BEGIN Task input
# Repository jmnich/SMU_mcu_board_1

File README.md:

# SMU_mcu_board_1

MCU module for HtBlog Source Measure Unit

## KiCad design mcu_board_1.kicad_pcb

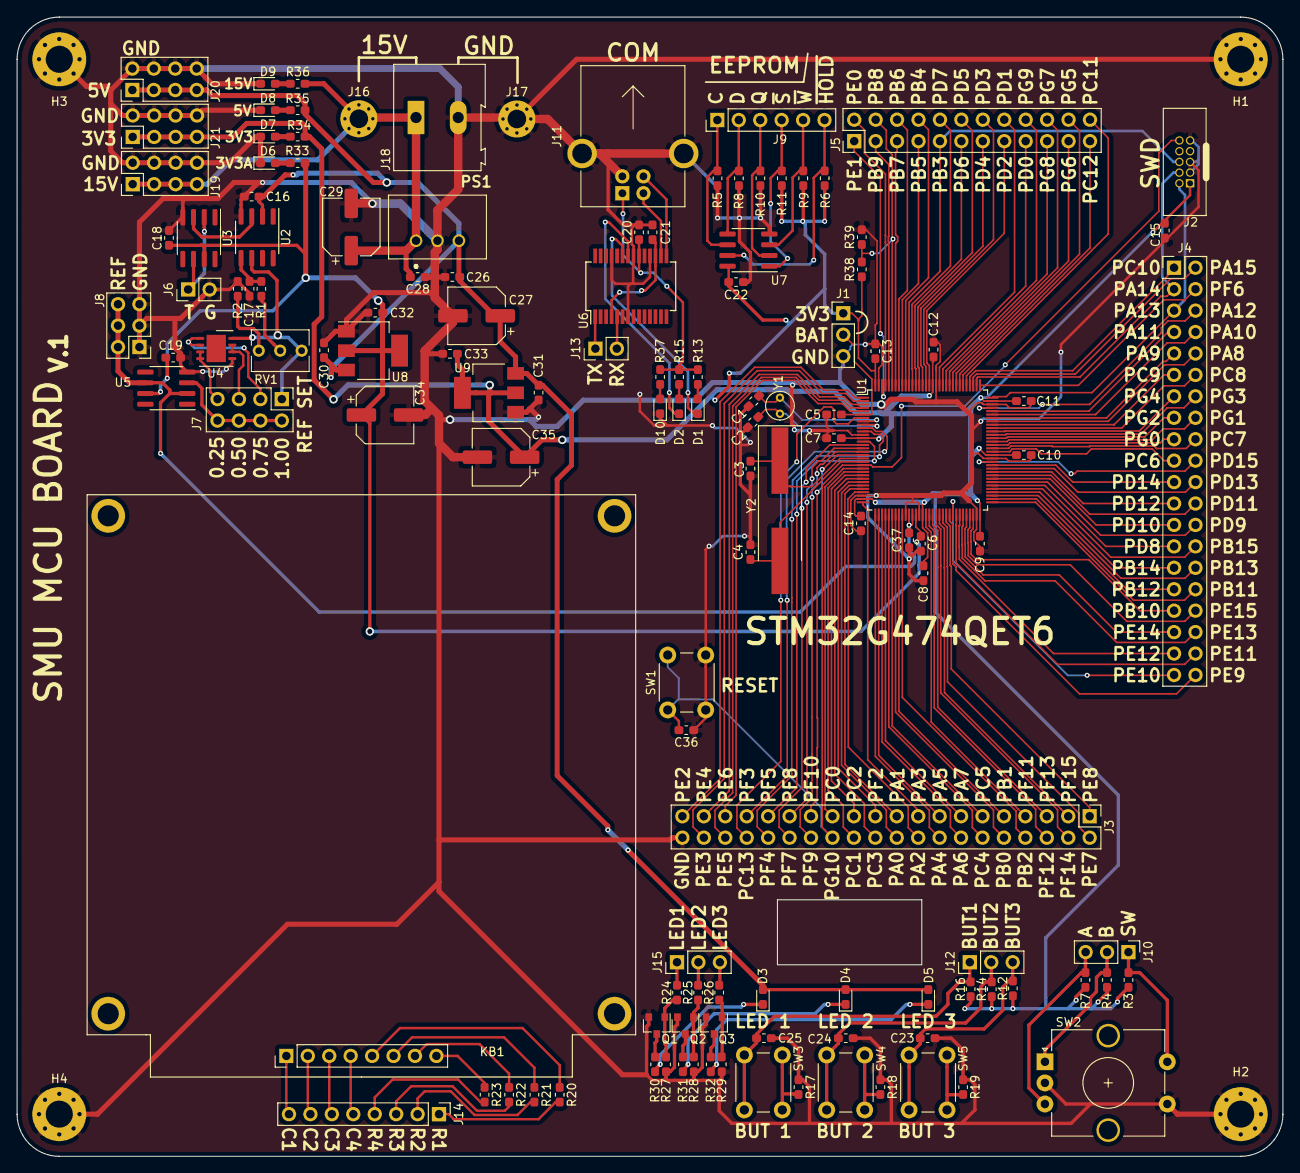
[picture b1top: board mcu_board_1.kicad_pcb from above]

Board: 2 copper layers, 150.0 x 135.0 mm, 133 parts (0 on the bottom side), 178 nets.

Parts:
C1, C2: 12p; C_0603_1608Metric_Pad1.05x0.95mm_HandSolder
C3, C4: 18p; C_0603_1608Metric_Pad1.05x0.95mm_HandSolder
C5, C15, C16, C17, C18, C19, C20, C21, C26, C28, C30, C31, C32, C33: 1u; C_0603_1608Metric_Pad1.05x0.95mm_HandSolder
C6, C7, C8, C9, C10, C11, C12, C13, C14, C22, C23, C24, C25, C36: 100n; C_0603_1608Metric_Pad1.05x0.95mm_HandSolder
C27, C29: 56u 25V; CP_Elec_6.3x5.9
C34, C35: 6.8u 25V; CP_Elec_6.3x5.9
C37: 1U; C_0603_1608Metric_Pad1.05x0.95mm_HandSolder
D1: R; LED_0603_1608Metric_Pad1.05x0.95mm_HandSolder
D2, D3, D4, D5: B; LED_0603_1608Metric_Pad1.05x0.95mm_HandSolder
D6, D7, D8, D9: LED G; LED_0603_1608Metric_Pad1.05x0.95mm_HandSolder
D10: G; LED_0603_1608Metric_Pad1.05x0.95mm_HandSolder
H1, H2, H3, H4: MountingHole_Pad; MountingHole_3.2mm_M3_Pad_Via
J1, J10, J12, J15: Conn_01x03; PinHeader_1x03_P2.54mm_Vertical
J2: ARM_SWD_10; JTAG_10pin_1.27_socket
J3, J4: Conn_02x20_Odd_Even; PinHeader_2x20_P2.54mm_Vertical
J5: Conn_02x12_Odd_Even; PinHeader_2x12_P2.54mm_Vertical
J6, J13: Conn_01x02; PinHeader_1x02_P2.54mm_Vertical
J7, J19, J20, J21: Conn_02x04_Odd_Even; PinHeader_2x04_P2.54mm_Vertical
J8: Conn_02x03_Odd_Even; PinHeader_2x03_P2.54mm_Vertical
J9: Conn_01x06; PinHeader_1x06_P2.54mm_Vertical
J11: USB-B_WE_61400416121; USB_B_Horizontal
J14: Conn_01x08; PinHeader_1x08_P2.54mm_Vertical
J16: +15V; MountingHole_2.2mm_M2_Pad_Via
J17: GND; MountingHole_2.2mm_M2_Pad_Via
J18: WE 691216710002; Terminal_block_WE691216710002
KB1: AK-1604-N; AK-1604-N-BBW
PS1: 173950536
Q1, Q2, Q3: 2N7002BK,215; SOT-23
R1: 470k 1%; R_0603_1608Metric_Pad1.05x0.95mm_HandSolder
R2, R17, R18, R19, R24, R25, R26: 1k 1%; R_0603_1608Metric_Pad1.05x0.95mm_HandSolder
R3, R4, R5, R6, R7, R8, R9, R10, R11, R12, R14, R16, R20, R21, R22, R23, R27, R28, R29, R39: 47k 1%; R_0603_1608Metric_Pad1.05x0.95mm_HandSolder
R13, R15, R30, R31, R32, R37: 10k 1%; R_0603_1608Metric_Pad1.05x0.95mm_HandSolder
R33, R35: 6k8; R_0603_1608Metric_Pad1.05x0.95mm_HandSolder
R34: 4k7; R_0603_1608Metric_Pad1.05x0.95mm_HandSolder
R36: 20k; R_0603_1608Metric_Pad1.05x0.95mm_HandSolder
R38: DNP; R_0603_1608Metric_Pad1.05x0.95mm_HandSolder
RV1: 10k; Potentiometer_Vishay_T73XW_Horizontal
SW1, SW3, SW4, SW5: SW_SPST; SW_PUSH_6mm_H4.3mm
SW2: Rotary_Encoder_Switch; RotaryEncoder_Alps_EC12E-Switch_Vertical_H20mm_CircularMoun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
U1: STM32G474QET6; LQFP-128_14x14mm_P0.4mm
U2: REF5040; SOIC-8_3.9x4.9mm_P1.27mm
U3, U5: OPA333AID; SOIC-8_3.9x4.9mm_P1.27mm
U4: 50k 0.1%; DFN-8-1EP_4x4mm_P0.8mm_EP2.3x3.24mm
U6: FT232RL; SSOP-28_5.3x10.2mm_P0.65mm
U7: M95M01-R; SOIC-8_3.9x4.9mm_P1.27mm
U8, U9: AMS1117-3.3; SOT-223-3_TabPin2
Y1: 32.7680kHz; Crystal_C38-LF_D3.0mm_L8.0mm_Vertical
Y2: 10MHz; Crystal_SMD_HC49-SD_HandSoldering

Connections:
+3.3VA: C6.2, C18.2, C19.2, C32.1, C34.1, R33.1, U1.45, U3.7, U5.7, U8.2
+3V3: C7.2, C8.2, C9.2, C10.2, C11.2, C12.2, C13.2, C14.2, C15.1, C22.1, C33.1, C35.1, J1.1, J2.1, J21.1, J21.3, J21.5, J21.7, R3.1, R4.1, R6.1, R7.1, R9.1, R11.1, R12.1, R14.1, R16.1, R34.1, R38.1, U1.13, U1.31, U1.47, U1.64, U1.79, U1.95, U1.111, U1.128, U7.8, U9.2
+5V: C16.1, C26.1, C27.1, C30.1, C31.1, D3.2, D4.2, D5.2, J20.1, J20.3, J20.5, J20.7, PS1.3, R35.1, U2.2, U8.3, U9.3
+15V: C28.2, C29.1, J16.1, J18.1, J19.1, J19.3, J19.5, J19.7, PS1.1, R36.1
/Analog/1_4_REF: J7.7, U4.3, U4.4
/Analog/2_4_REF: J7.5, U4.6, U4.7
/Analog/3_4_REF: J7.3, U4.1, U4.2
/Analog/REF: J7.1, RV1.1, U2.6, U4.8
/REF: C37.2, J8.2, J8.4, J8.6, U1.43, U1.44, U5.2, U5.6
GND: C1.2, C2.2, C3.2, C4.2, C5.1, C6.1, C7.1, C8.1, C9.1, C10.1, C11.1, C12.1, C13.1, C14.1, C15.2, C16.2, C17.2, C18.1, C19.1, C20.2, C21.2, C22.2, C23.2, C24.2, C25.2, C26.2, C27.2, C28.1, C29.2, C30.2, C31.2, C32.2, C33.2, C34.2, C35.2, C36.1, C37.1, D6.1, D7.1, D8.1, D9.1, D10.1, H1.1, H2.1, H3.1, H4.1, J1.3, J2.3, J2.5, J2.9, J3.40, J6.2, J8.1, J8.3, J8.5, J11.4, J11.5, J17.1, J18.2, J19.2, J19.4, J19.6, J19.8, J20.2, J20.4, J20.6, J20.8, J21.2, J21.4, J21.6, J21.8, PS1.2, Q1.2, Q2.2, Q3.2, R2.2, R5.1, R8.1, R10.1, R17.1, R18.1, R19.1, R27.2, R28.2, R29.2, R39.2, SW1.2, SW2.C, SW2.S2, U1.12, U1.30, U1.42, U1.46, U1.63, U1.78, U1.94, U1.110, U1.127, U2.4, U3.4, U4.5, U5.4, U6.7, U6.18, U6.21, U6.25, U7.4, U8.1, U9.1
unnamed: C1.1, U1.8, Y1.1
unnamed: C2.1, U1.9, Y1.2
unnamed: C3.1, U1.19, Y2.1
unnamed: C4.1, U1.20, Y2.2
unnamed: C5.2, J1.2, U1.6
unnamed: C17.1, R1.1, U2.5
unnamed: C20.1, J11.1, R13.1, R15.1, R37.1, U6.20
unnamed: C21.1, U6.4, U6.17
unnamed: C23.1, J12.3, R12.2, SW5.1
unnamed: C24.1, J12.2, R14.2, SW4.1
unnamed: C25.1, J12.1, R16.2, SW3.1
unnamed: D1.1, U6.23
unnamed: D1.2, R13.2
unnamed: D2.1, U6.22
unnamed: D2.2, R15.2
unnamed: D3.1, R30.1
unnamed: D4.1, R31.1
unnamed: D5.1, R32.1
unnamed: D6.2, R33.2
unnamed: D7.2, R34.2
unnamed: D8.2, R35.2
unnamed: D9.2, R36.2
unnamed: D10.2, R37.2
unnamed: J6.1, U3.2, U3.6
unnamed: J7.2, J7.4, J7.6, J7.8, U5.3
unnamed: J9.1, R5.2, U7.6
unnamed: J9.2, R8.2, U7.5
unnamed: J9.3, R10.2, U7.2
unnamed: J9.4, R11.2, U7.1
unnamed: J9.5, R9.2, U7.3
unnamed: J9.6, R6.2, U7.7
unnamed: J10.1, R3.2, SW2.S1
unnamed: J10.2, R4.2, SW2.A
unnamed: J10.3, R7.2, SW2.B
unnamed: J11.2, U6.16
unnamed: J11.3, U6.15
unnamed: J13.1, U6.1
unnamed: J13.2, U6.5
unnamed: J14.1, R20.2
unnamed: J14.2, R21.2
unnamed: J14.3, R22.2
unnamed: J14.4, R23.2
unnamed: J14.5, KB1.4
unnamed: J14.6, KB1.3
unnamed: J14.7, KB1.2
unnamed: J14.8, KB1.1
unnamed: J15.1, R24.2
unnamed: J15.2, R25.2
unnamed: J15.3, R26.2
unnamed: KB1.5, R20.1
unnamed: KB1.6, R21.1
unnamed: KB1.7, R22.1
unnamed: KB1.8, R23.1
unnamed: Q1.1, R24.1, R27.1
unnamed: Q1.3, R30.2
unnamed: Q2.1, R25.1, R28.1
unnamed: Q2.3, R31.2
unnamed: Q3.1, R26.1, R29.1
unnamed: Q3.3, R32.2
unnamed: R1.2, RV1.2
unnamed: R2.1, RV1.3
unnamed: R17.2, SW3.2
unnamed: R18.2, SW4.2
unnamed: R19.2, SW5.2
unnamed: U2.3, U3.3
PA0: J3.20, U1.27
PA1: J3.19, U1.28
PA2: J3.18, U1.29
PA3: J3.17, U1.32
PA4: J3.16, U1.33
PA5: J3.15, U1.34
PA6: J3.14, U1.35
PA7: J3.13, U1.36
PA8: J4.10, U1.89
PA9: J4.9, U1.90
PA10: J4.8, U1.91
PA11: J4.7, U1.92
PA12: J4.6, U1.93
PA13: J2.2, J4.5, U1.96
PA14: J2.4, J4.3, U1.98
PA15: J4.2, U1.99
PB0: J3.10, U1.39
PB1: J3.9, U1.40
PB2: J3.8, U1.41
PB3: J2.6, J5.9, U1.118
PB4: J5.8, U1.119
PB5: J5.7, U1.120
PB6: J5.6, U1.121
PB7: J5.5, U1.122
PB8: J5.4, R38.2, R39.1, U1.123
PB9: J5.3, U1.124
PB10: J4.33, U1.62
PB11: J4.32, U1.65
PB12: J4.31, U1.66
PB13: J4.30, U1.67
PB14: J4.29, U1.68
PB15: J4.28, U1.69
PC0: J3.25, U1.22
PC1: J3.24, U1.23
PC2: J3.23, U1.24
PC3: J3.22, U1.25
PC4: J3.12, U1.37
PC5: J3.11, U1.38
PC6: J4.19, U1.80
PC7: J4.18, U1.81
PC8: J4.12, U1.87
PC9: J4.11, U1.88
PC10: J4.1, U1.100
PC11: J5.24, U1.101
PC12: J5.23, U1.102
PC13: J3.34, U1.7
PD0: J5.17, U1.108
PD1: J5.16, U1.109
PD2: J5.15, U1.112
PD3: J5.14, U1.113
PD4: J5.13, U1.114
PD5: J5.12, U1.115
PD6: J5.11, U1.116
PD7: J5.10, U1.117
PD8: J4.27, U1.70
PD9: J4.26, U1.71
PD10: J4.25, U1.72
PD11: J4.24, U1.73
PD12: J4.23, U1.74
PD13: J4.22, U1.75
PD14: J4.21, U1.76
PD15: J4.20, U1.77
PE0: J5.2, U1.125
PE1: J5.1, U1.126
PE2: J3.39, U1.1
PE3: J3.38, U1.2
PE4: J3.37, U1.3
PE5: J3.36, U1.4
PE6: J3.35, U1.5
PE7: J3.2, U1.53
PE8: J3.1, U1.54
PE9: J4.40, U1.55
PE10: J4.39, U1.56
PE11: J4.38, U1.57
PE12: J4.37, U1.58
PE13: J4.36, U1.59
PE14: J4.35, U1.60
PE15: J4.34, U1.61
PF2: J3.21, U1.26
PF3: J3.33, U1.10
PF4: J3.32, U1.11
PF5: J3.31, U1.14
PF6: J4.4, U1.97
PF7: J3.30, U1.15
PF8: J3.29, U1.16
PF9: J3.28, U1.17
PF10: J3.27, U1.18
PF11: J3.7, U1.48
PF12: J3.6, U1.49
PF13: J3.5, U1.50
PF14: J3.4, U1.51
PF15: J3.3, U1.52
PG0: J4.17, U1.82
PG1: J4.16, U1.83
PG2: J4.15, U1.84
PG3: J4.14, U1.85
PG4: J4.13, U1.86
PG5: J5.22, U1.103
PG6: J5.21, U1.104
PG7: J5.20, U1.105
PG8: J5.19, U1.106
PG9: J5.18, U1.107
PG10: C36.2, J2.10, J3.26, SW1.1, U1.21

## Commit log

2020-11-08 schematics done and moved to repo
2020-11-08 MCU prepped for fanout
2020-11-09 done and done
2020-11-09 production pack generated
END Task input
*The task*
Leaving every picture behind, retype the entries above exactly, from the first line through the line with "C3, C4: 18p;", and stop there.

*Reply to the exercise*
# Repository jmnich/SMU_mcu_board_1

File README.md:

# SMU_mcu_board_1

MCU module for HtBlog Source Measure Unit

## KiCad design mcu_board_1.kicad_pcb

[picture b1top: board mcu_board_1.kicad_pcb from above]

Board: 2 copper layers, 150.0 x 135.0 mm, 133 parts (0 on the bottom side), 178 nets.

Parts:
C1, C2: 12p; C_0603_1608Metric_Pad1.05x0.95mm_HandSolder
C3, C4: 18p; C_0603_1608Metric_Pad1.05x0.95mm_HandSolder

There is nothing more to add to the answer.